===== Record set =====

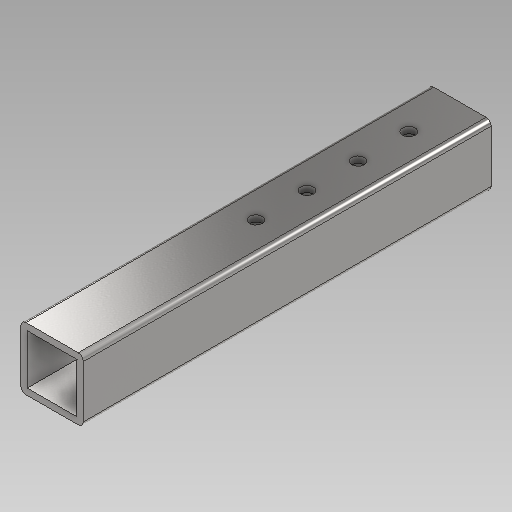
# Autodesk Inventor part: member_vertical_inner
Saved by Autodesk Inventor 2021 (Build 250183000, 183)
## iProperties
Created: 2021-06-01
Part Number: member_vertical_inner
Material: Steel, Galvanized
Document SubType Name: Modeling
Designer: Watchdog
Density: 7.85 g/cm^3
Appearance: Galvanized
Author: Watchdog
Autodesk Inventor part; units mm, degrees
ref_plane "YZ Plane" through (0, 0, 0) normal (1, 0, 0) x (0, 1, 0)
ref_plane "XZ Plane" through (0, 0, 0) normal (0, 1, 0) x (-1, 0, 0)
ref_plane "XY Plane" through (0, 0, 0) normal (0, 0, 1) x (1, 0, 0)
sketch "Sketch1" plane through (0, 0, 0) normal (0, 0, 1) x (1, 0, 0)
  line L0 (-12.25, 12.25) -> (12.25, 12.25)
  line L1 (12.25, 12.25) -> (12.25, -12.25)
  line L2 (12.25, -12.25) -> (-12.25, -12.25)
  line L3 (-12.25, -12.25) -> (-12.25, 12.25)
  line L4 (9.75, 9.75) -> (-9.75, 9.75)
  line L5 (-9.75, 9.75) -> (-9.75, -9.75)
  line L6 (-9.75, -9.75) -> (9.75, -9.75)
  line L7 (9.75, -9.75) -> (9.75, 9.75)
  point P0 (0, 0)
  dimension "d0" = 24.5
  dimension "d1" = 24.5
  dimension "d2" = 12.25
  dimension "d3" = 12.25
  dimension "d4" = 2.5
  constraints: 16 end point, 4 parallel, 2 perpendicular, 1 horizontal, 3 other
  measures "d0" distance of L0.start L0.end
  measures "d1" distance of L2.end L0.start
  measures "d2" distance from line of point (0, 0) L0
  measures "d3" distance from line of point (0, 0) L3
  measures "d4" distance between parallel lines of L0 L4
extrude "Extrusion1" add sketch "Sketch1" along normal blind 1000
fillet "Fillet1" radius 2 4 edges at (12.25, 12.25, 500) (-12.25, 12.25, 500) (-12.25, -12.25, 500) (12.25, -12.25, 500)
ref_plane "Work Plane1" through (0, 0, 160) normal (0, 0, -1) x (-1, 0, 0)
split "Split1" plane through (0, 0, 160) removes the side toward (0, 0, 1)
sketch "Sketch2" plane through (-10.25, 12.25, 0) normal (0, 1, 0) x (1, 0, 0)
  point P0 (10.25, 0)
  point P1 (10.25, -20)
  dimension "d9" = 0
  dimension "d10" = 20
  measures "d9" horizontal distance of point (10.25, 0) point (10.25, -20)
  measures "d10" distance of point (10.25, 0) point (10.25, -20)
hole "Hole1" at (0, 12.25, 20) direction (0, -1, 0) diameter 5 end through all
pattern_linear "Rectangular Pattern1" count 4 spacing 20 along (0, 0, 1) of "Hole1"
equation "\"d0\" = -2 * a + sm_varx_squareBarDimension - tol"
equation "\"d1\" = d0"
equation "\"d2\" = 0.5 * d1"
equation "\"d3\" = 0.5 * d0"
equation "\"d4\" = a"
equation "\"d10\" = 0.666667 * sm_varx_squareBarDimension"
equation "\"d11\" = sm_varx_pinPlate_holeDiameter"
equation "\"d20\" = 0.666667 * sm_varx_squareBarDimension"
equation "\"sm_varx_squareBarThickness\" = 2.5"
equation "\"sm_varx_pinPlate_holeDiameter\" = 5"
equation "\"a\" = sm_varx_squareBarThickness"
equation "\"tol\" = sm_varx_member_tolerance"
equation "\"sm_varx_member_tolerance\" = 0.5"
equation "\"hoop_angle_z\" = 45deg"
equation "\"hoop_bearing_length\" = 5deg"
equation "\"hoop_cable_diam\" = 5"
equation "\"hoop_cable_pulley_diam\" = 22"
equation "\"rack_tooth_addendum\" = 5"
equation "\"rack_tooth_dedendum\" = 5"
equation "\"rack_tooth_thickness\" = 5"
equation "\"secure_arm_angle\" = 20deg"
equation "\"secure_arm_hold_length\" = 35"
equation "\"secure_arm_radii\" = 9"
equation "\"support_baseClamp_platformLengthBuffer\" = 35"
equation "\"support_baseClamp_platformThickness\" = 15"
equation "\"support_baseClamp_platformWidthBuffer\" = 0"
equation "\"support_baseClamp_sleeveHoleDiameter\" = 12"
equation "\"support_baseClamp_sleeveSweepTerminationAngle\" = 55deg"
equation "\"support_baseClamp_thickness\" = 8"
equation "\"support_frame_endHoleBuffer\" = 25"
equation "\"support_frame_squareBarFillet\" = 2"
equation "\"support_frame_squareBarThickness\" = 5"
equation "\"hoop_tabs_thickness\" = 6"
equation "\"hoop_tabs_hole\" = 4"
equation "\"wheelchair_deployed_width\" = 635"
equation "\"wheelchair_deployed_length\" = 1067"
equation "\"wheelchair_deployed_height\" = 914"
equation "\"sm_varx_pinPlate_thickness\" = 5"
equation "\"sm_varx_squareBarDimension\" = 30"
body "Solid1"

=====

Instructions for the task >>
Scan the records above and count the lines that contain "from". No text besides the count.

Task solution >>
2